“The Murder Of The Century” Makes For Lively, Historical, Punchy Read


murderjpg-3c9ac9eb574515d7

Using newspaper clippings and a knack for knowing how to write a most convincing slice of American history Paul Collins has crafted a most compelling read in The Murder Of The Century.  This crime–the Guldensuppe “Scattered Dutchman” murder case–thankfully is not lost to history.  When I bought this book I intended to read it on a lazy summer weekend, but the winter seems to have only gripped harder over the last weeks with the bitter cold and I thought this was my way of fighting back by reading it now.

Late last night James woke up, looked at me and said, “Are you still reading?”  The book is not designed to make one want to sleep.  It is not gory or lurid, but just a solid ‘you-are-there’ type read that keeps one turning the pages.  I simply smiled at James and continued.

In 1897, at the end of the Gilded Era, a most brazen and sensational crime took place in New York City.  Parts of a headless body that had been dismembered were found and a hunt for the killer and the motive was set into motion.   As Collins writes it was not only the crime that took center stage, but also the newspaper war between William Randolph Hearst and Joseph Pulitzer and the newspapers they had turned into pages of ‘infotainment’ before that term had even been invented.
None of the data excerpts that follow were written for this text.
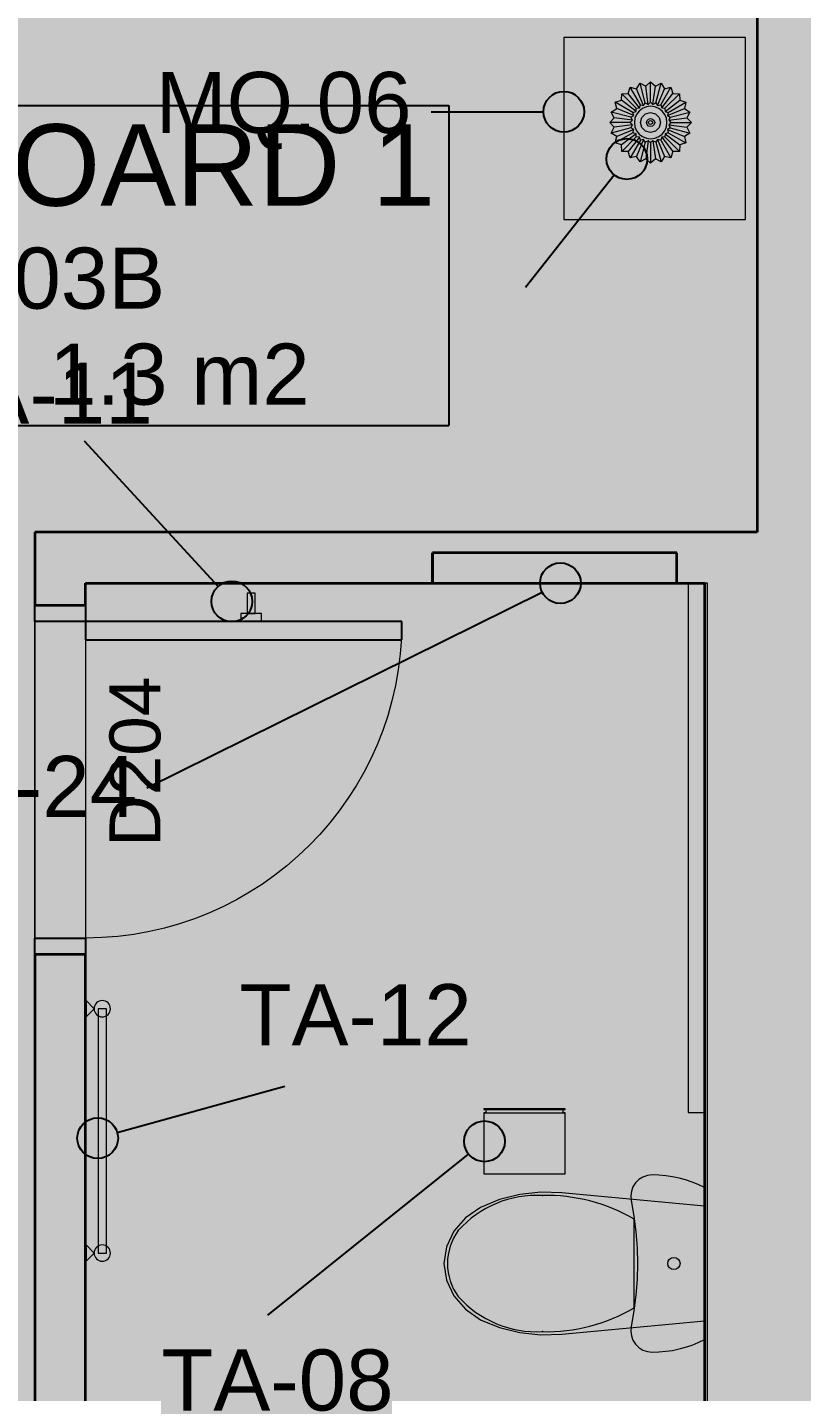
# Model space of a CAD drawing. Header units: millimetres. Extents: x -14278 to 103595, y -22378 to 34603.
# Drawn here: x 68198 to 70100, y -8781 to -5431 of the extents above; entities that cross this region are included whole.
import ezdxf
from ezdxf.enums import TextEntityAlignment as Align

# ---------------------------------------------------------------- set-up
doc = ezdxf.new("R2010")
doc.units = ezdxf.units.MM
doc.header["$MEASUREMENT"] = 0
for name, color, linetype in [('A-Zz_20_10_90-T_TextFFEInternal', 7, 'Continuous'), ('NewA-Ee_25_10-M_WallsInternal', 7, 'Continuous'), ('NewA-Ee_30_40-M_Floors', 7, 'Continuous'), ('NewA-Ee_40_20-M_GeneralFFAndEInternalEquipment', 7, 'Continuous'), ('NewA-Ee_40_20-M_GeneralFFAndEInternalMovable', 7, 'Continuous'), ('NewA-Ee_40_20-M_GeneralFFAndEInternalSanitary', 7, 'Continuous'), ('NewA-SL-M_SpacesInternal', 7, 'Continuous'), ('NewA-Ss_30_25-M_CeilingAndSoffitSystems', 7, 'Continuous'), ('NewA-Zz_20_10_90-T_TextFFEInternal', 7, 'Continuous'), ('NewA-Zz_50_90_00-M_GrossInternal', 7, 'Continuous')]:
    doc.layers.add(name, color=color, linetype=linetype)
doc.styles.add('GENERATED_STYLE_1', font='')
doc.styles.get('GENERATED_STYLE_1').set_extended_font_data('Arial')

# ---------------------------------------------------------------- blocks, each defined once
blk = doc.blocks.new('Slab_29_2', base_point=(94289.5, -11216.8))
at = {"layer": 'NewA-Ee_30_40-M_Floors', "linetype": 'Continuous', "lineweight": 13}
blk.add_hatch(color=254, dxfattribs=at).paths.add_polyline_path([(94289.5, -11216.8), (94289.5, -4919.6), (96739.2, -4919.6), (96739.2, -2667.5), (62189.8, -2667.5), (62189.8, -11216.8)])
blk = doc.blocks.new('BEDROOM_203_40_2', base_point=(68474.8, -3202.3))
at = {"layer": 'NewA-SL-M_SpacesInternal', "color": 253, "linetype": 'Continuous', "lineweight": 13}
for p, q in [((69991, -6670.9), (69991, -2667.5)), ((68216, -9621.9), (68216, -6670.9)), ((68216, -6670.9), (69991, -6670.9))]:
    blk.add_line(p, q, dxfattribs=at)
at = {"layer": 'NewA-SL-M_SpacesInternal', "color": 5, "lineweight": 70, "style": 'GENERATED_STYLE_1'}
for tag, height, p in [('ROOM_NAME', 200, (68474.8, -2894.4)), ('ROOM_NUMBER', 150, (68474.8, -3197.3)), ('adj_text', 150, (68474.8, -3433))]:
    blk.add_attdef(tag, text='', height=height, dxfattribs=at).set_placement(p, align=Align.TOP_CENTER)
blk = doc.blocks.new('BATH_204_41_2', base_point=(69378.4, -10385.8))
at = {"layer": 'NewA-SL-M_SpacesInternal', "color": 253, "linetype": 'Continuous', "lineweight": 13}
for p, q in [((69793.5, -6720.9), (69193.5, -6720.9)), ((69193.5, -6720.9), (69193.5, -6795.9)), ((69793.5, -6795.9), (69793.5, -6720.9)), ((68341, -6795.9), (68341, -9328)), ((69193.5, -6795.9), (68341, -6795.9)), ((69861.1, -6795.9), (69793.5, -6795.9)), ((69861.1, -9621.9), (69861.1, -6795.9))]:
    blk.add_line(p, q, dxfattribs=at)
at = {"layer": 'NewA-SL-M_SpacesInternal', "color": 5, "lineweight": 70, "style": 'GENERATED_STYLE_1'}
for tag, height, p in [('ROOM_NAME', 200, (69378.4, -10077.9)), ('ROOM_NUMBER', 150, (69378.4, -10380.8)), ('adj_text', 150, (69378.4, -10616.5))]:
    blk.add_attdef(tag, text='', height=height, dxfattribs=at).set_placement(p, align=Align.TOP_CENTER)
blk = doc.blocks.new('CUPBOARD 1_203B_49_2', base_point=(68291.8, -5976.8))
at = {"layer": 'NewA-SL-M_SpacesInternal', "linetype": 'Continuous'}
for p, q in [((67350.1, -5623.2), (67350.1, -5937.5)), ((67350.1, -5623.2), (69233.4, -5623.2)), ((69233.4, -5623.2), (69233.4, -5937.5)), ((67350.1, -5937.5), (67350.1, -6173.2)), ((69233.4, -5937.5), (69233.4, -6173.2)), ((67350.1, -6173.2), (67350.1, -6409)), ((69233.4, -6173.2), (69233.4, -6409)), ((67350.1, -6409), (69233.4, -6409))]:
    blk.add_line(p, q, dxfattribs=at)
at = {"layer": 'NewA-SL-M_SpacesInternal', "color": 253, "linetype": 'Continuous', "lineweight": 13}
for p, q in [((66163.1, -6795.9), (66163.1, -8686.3)), ((66862.5, -6795.9), (66163.1, -6795.9)), ((66862.5, -8686.3), (66862.5, -6795.9)), ((66163.1, -8686.3), (66862.5, -8686.3))]:
    blk.add_line(p, q, dxfattribs=at)
at = {"layer": 'NewA-SL-M_SpacesInternal', "color": 5, "lineweight": 70, "style": 'GENERATED_STYLE_1'}
for tag, height, p in [('ROOM_NAME', 200, (68291.8, -5669)), ('ROOM_NUMBER', 150, (68291.8, -5971.8)), ('adj_text', 150, (68291.8, -6207.5))]:
    blk.add_attdef(tag, text='', height=height, dxfattribs=at).set_placement(p, align=Align.TOP_CENTER)
blk = doc.blocks.new('Slab_36_2', base_point=(68341, -9621.9))
at = {"layer": 'NewA-Ss_30_25-M_CeilingAndSoffitSystems', "linetype": 'Continuous', "lineweight": 0}
blk.add_hatch(color=255, dxfattribs=at).paths.add_polyline_path([(68341, -9621.9), (69868.5, -9621.9), (69868.5, -6795.9), (68341, -6795.9)])
at = {"layer": 'NewA-Ss_30_25-M_CeilingAndSoffitSystems', "color": 6, "linetype": 'Continuous', "lineweight": 13, "flags": 128}
blk.add_lwpolyline([(68341, -9621.9), (69868.5, -9621.9), (69868.5, -6795.9), (68341, -6795.9)], close=True, dxfattribs=at)
blk = doc.blocks.new('Slab_39_2', base_point=(66163.1, -2667.5))
at = {"layer": 'NewA-Ss_30_25-M_CeilingAndSoffitSystems', "linetype": 'Continuous', "lineweight": 0}
blk.add_hatch(color=255, dxfattribs=at).paths.add_polyline_path([(66163.1, -2667.5), (66163.1, -6670.9), (66987.5, -6670.9), (66987.5, -9621.9), (68216, -9621.9), (68216, -6670.9), (69991, -6670.9), (69991, -2667.5)])
at = {"layer": 'NewA-Ss_30_25-M_CeilingAndSoffitSystems', "color": 6, "linetype": 'Continuous', "lineweight": 13, "flags": 128}
blk.add_lwpolyline([(66163.1, -2667.5), (69991, -2667.5), (69991, -6670.9), (68216, -6670.9), (68216, -9621.9), (66987.5, -9621.9), (66987.5, -6670.9), (66163.1, -6670.9)], close=True, dxfattribs=at)
blk = doc.blocks.new('Wall_83_2', base_point=(69991, -2667.5))
at = {"layer": 'NewA-Ee_25_10-M_WallsInternal', "linetype": 'Continuous', "lineweight": 13}
blk.add_hatch(color=6, dxfattribs=at).paths.add_polyline_path([(69991, -6670.9), (70141, -6670.9), (70141, -2667.5), (69991, -2667.5)])
at = {"layer": 'NewA-Ee_25_10-M_WallsInternal', "color": 92, "linetype": 'Continuous', "lineweight": 35, "flags": 128}
blk.add_lwpolyline([(69991, -2667.5), (69991, -6670.9)], dxfattribs=at)
blk = doc.blocks.new('Wall Niche Rectangular 19_2')
at = {"layer": 'NewA-Ee_25_10-M_WallsInternal', "color": 92, "linetype": 'Continuous', "lineweight": 35}
for p, q in [((-300, 0), (-300, -75)), ((300, 0), (-300, 0)), ((300, -75), (300, 0)), ((-300, -75), (300, -75))]:
    blk.add_line(p, q, dxfattribs=at)
at = {"layer": 'NewA-Ee_25_10-M_WallsInternal', "linetype": 'Continuous'}
blk.add_line((-300, 0), (300, 0), dxfattribs=at)
blk = doc.blocks.new('Wall_93_2', base_point=(70268.5, -6670.9))
at = {"layer": 'NewA-Ee_25_10-M_WallsInternal', "linetype": 'Continuous', "lineweight": 13}
blk.add_hatch(color=6, dxfattribs=at).paths.add_polyline_path([(70268.5, -6670.9), (68216, -6670.9), (68341, -6795.9), (69193.5, -6795.9), (69193.5, -6720.9), (69793.5, -6720.9), (69793.5, -6795.9), (70268.5, -6795.9)])
at = {"layer": 'NewA-Ee_25_10-M_WallsInternal', "color": 92, "linetype": 'Continuous', "lineweight": 35}
for p, q in [((69793.5, -6720.9), (69193.5, -6720.9)), ((69193.5, -6795.9), (69193.5, -6720.9)), ((69793.5, -6795.9), (69793.5, -6720.9))]:
    blk.add_line(p, q, dxfattribs=at)
at = {"layer": 'NewA-Ee_25_10-M_WallsInternal', "color": 92, "linetype": 'Continuous', "lineweight": 35, "flags": 128}
for points in [[(69991, -6670.9), (68216, -6670.9)], [(70268.5, -6670.9), (70141, -6670.9)], [(68341, -6795.9), (69193.5, -6795.9)], [(69793.5, -6795.9), (69861.1, -6795.9)], [(70261.1, -6795.9), (70268.5, -6795.9)]]:
    blk.add_lwpolyline(points, dxfattribs=at)
at = {"layer": 'NewA-Ee_25_10-M_WallsInternal', "linetype": 'Continuous', "zscale": 1000, "rotation": 180}
blk.add_blockref('Wall Niche Rectangular 19_2', (69493.5, -6795.9), dxfattribs=at)
blk = doc.blocks.new('Wall Niche Rectangular 19_3')
at = {"layer": 'NewA-Ee_25_10-M_WallsInternal', "color": 92, "linetype": 'Continuous', "lineweight": 35}
for p, q in [((-100, 0), (-100, -75)), ((100, 0), (-100, 0)), ((100, -75), (100, 0)), ((-100, -75), (100, -75))]:
    blk.add_line(p, q, dxfattribs=at)
at = {"layer": 'NewA-Ee_25_10-M_WallsInternal', "linetype": 'Continuous'}
blk.add_line((-100, 0), (100, 0), dxfattribs=at)
blk = doc.blocks.new('Door 19_3')
at = {"layer": 'NewA-Ee_25_10-M_WallsInternal', "linetype": 'Continuous', "lineweight": 13}
for points in [[(388.5, 777), (343.5, 777), (343.5, 0), (388.5, 0)], [(-388.5, -125), (-388.5, 0), (-428.5, 0), (-428.5, -125)], [(428.5, -125), (428.5, 0), (388.5, 0), (388.5, -125)]]:
    blk.add_hatch(color=255, dxfattribs=at).paths.add_polyline_path(points)
at = {"layer": 'NewA-Ee_25_10-M_WallsInternal', "linetype": 'Continuous'}
for p, q in [((343.5, 0), (343.5, 777)), ((343.5, 777), (388.5, 777)), ((388.5, 777), (388.5, 0)), ((-388.5, 0), (-428.5, 0)), ((-428.5, 0), (-428.5, -125)), ((-388.5, -125), (-388.5, 0)), ((388.5, 0), (343.5, 0)), ((428.5, 0), (388.5, 0)), ((388.5, 0), (388.5, -125)), ((428.5, -125), (428.5, 0)), ((-428.5, -125), (-388.5, -125)), ((388.5, -125), (428.5, -125))]:
    blk.add_line(p, q, dxfattribs=at)
at = {"layer": 'NewA-Ee_25_10-M_WallsInternal', "color": 92, "linetype": 'Continuous', "lineweight": 35}
for p, q in [((-428.5, 0), (-428.5, -125)), ((428.5, 0), (428.5, -125))]:
    blk.add_line(p, q, dxfattribs=at)
at = {"layer": 'NewA-Ee_25_10-M_WallsInternal', "color": 6, "linetype": 'Continuous', "lineweight": 13}
blk.add_arc((388.5, 0), 777, 90, 180, dxfattribs=at)
blk = doc.blocks.new('D Marker 19')
at = {"layer": 'NewA-Ee_25_10-M_WallsInternal', "style": 'GENERATED_STYLE_1'}
blk.add_attdef('AC_WIDO_ID', text='', height=125, dxfattribs=at).set_placement((-262.1, 94.8), align=Align.BOTTOM_LEFT)
blk = doc.blocks.new('Wall_98_2', base_point=(68216, -6670.9))
at = {"layer": 'NewA-Ee_25_10-M_WallsInternal', "linetype": 'Continuous', "lineweight": 13}
for points in [[(68216, -6850.2), (68341, -6850.2), (68341, -6795.9), (68216, -6670.9)], [(68216, -7707.2), (68216, -9621.9), (68341, -9621.9), (68341, -9528), (68266, -9528), (68266, -9328), (68341, -9328), (68341, -7707.2)]]:
    blk.add_hatch(color=6, dxfattribs=at).paths.add_polyline_path(points)
at = {"layer": 'NewA-Ee_25_10-M_WallsInternal', "color": 92, "linetype": 'Continuous', "lineweight": 35}
for p, q in [((68341, -6850.2), (68216, -6850.2)), ((68341, -7707.2), (68216, -7707.2)), ((68266, -9328), (68266, -9528)), ((68341, -9328), (68266, -9328)), ((68341, -9528), (68266, -9528))]:
    blk.add_line(p, q, dxfattribs=at)
at = {"layer": 'NewA-Ee_25_10-M_WallsInternal', "color": 92, "linetype": 'Continuous', "lineweight": 35, "flags": 128}
for points in [[(68216, -6670.9), (68216, -6850.2)], [(68341, -6850.2), (68341, -6795.9)], [(68216, -7707.2), (68216, -9621.9)], [(68341, -9328), (68341, -7707.2)], [(68341, -9621.9), (68341, -9528)]]:
    blk.add_lwpolyline(points, dxfattribs=at)
at = {"layer": 'NewA-Ee_25_10-M_WallsInternal', "linetype": 'Continuous', "xscale": -1, "zscale": 1000, "rotation": 270}
blk.add_blockref('Door 19_3', (68341, -7278.7), dxfattribs=at)
at = {"layer": 'NewA-Ee_25_10-M_WallsInternal'}
ref = blk.add_blockref('D Marker 19', (68341, -7278.7), dxfattribs=dict(at, rotation=270))
ref.add_attrib('AC_WIDO_ID', 'D204', dxfattribs={"color": 7, "height": 125, "rotation": 90, "style": 'GENERATED_STYLE_1'}).set_placement((68562.2, -7442.9), align=Align.BOTTOM_LEFT)
at = {"layer": 'NewA-Ee_25_10-M_WallsInternal', "linetype": 'Continuous', "zscale": 1000, "rotation": 270}
blk.add_blockref('Wall Niche Rectangular 19_3', (68341, -9428), dxfattribs=at)
blk = doc.blocks.new('Wall_121_2', base_point=(70261.1, -6670.9))
at = {"layer": 'NewA-Ee_25_10-M_WallsInternal', "linetype": 'Continuous', "lineweight": 13}
blk.add_hatch(color=6, dxfattribs=at).paths.add_polyline_path([(69861.1, -6795.9), (69861.1, -9621.9), (70261.1, -9621.9), (70261.1, -6795.9)])
at = {"layer": 'NewA-Ee_25_10-M_WallsInternal', "color": 92, "linetype": 'Continuous', "lineweight": 35, "flags": 128}
for points in [[(69861.1, -6795.9), (69861.1, -9621.9)], [(70261.1, -9621.9), (70261.1, -6795.9)]]:
    blk.add_lwpolyline(points, dxfattribs=at)
blk = doc.blocks.new('Morph_27_2', base_point=(62039.5, -17767.3))
at = {"layer": 'NewA-Ee_40_20-M_GeneralFFAndEInternalMovable', "color": 6, "linetype": 'Continuous', "lineweight": 13, "flags": 128}
for points in [[(69657.5, -5610), (69658.1, -5594)], [(69658.1, -5594), (69674.1, -5593.3)], [(69693.5, -5629.4), (69658.1, -5594)], [(69674.1, -5593.3), (69678.9, -5578.1)], [(69701.5, -5629), (69674.1, -5593.3)], [(69703.9, -5621.4), (69678.9, -5578.1)], [(69678.9, -5578.1), (69694.4, -5581.6)], [(69694.4, -5581.6), (69703, -5568.1)], [(69711.6, -5623.2), (69694.4, -5581.6)], [(69715.9, -5616.4), (69703, -5568.1)], [(69703, -5568.1), (69717.1, -5575.5)], [(69717.1, -5575.5), (69728.9, -5564.7)], [(69723, -5620.1), (69717.1, -5575.5)], [(69728.9, -5614.7), (69728.9, -5564.7)], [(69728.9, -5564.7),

The crime and dramatic trial are simply too good not to follow page after page.  But it is the newspaper wars and the antics of the owners and their frenzied reporters that make this book the sensation that is for the reader.   Yellow journalism may never have been told with such style and sweeping punchy narrative as Collins has created in this book.

It is hard not to laugh as reporters collar and question witnesses regardless of what the police are doing or thinking, and at the same time the police are hustling to try to know as much as the journalists.  There is no way not to smile when carrier pigeons are used by reporters and artists at the trial to carry dispatches back to the newspaper offices for the latest editions of the papers.

What I much enjoyed about this book and the way Collins used dialogue is that all of it that is contained comes directly from conversations recorded in newspaper accounts.  For me that is far better than a writer trying to convey their own sense of events with created dialogue.

There are many ways to spend time with books and Lord knows I do–but for pure fun with a work of non-fiction this one will be hard to beat.  I will certainly be looking into other books authored by Paul Collins.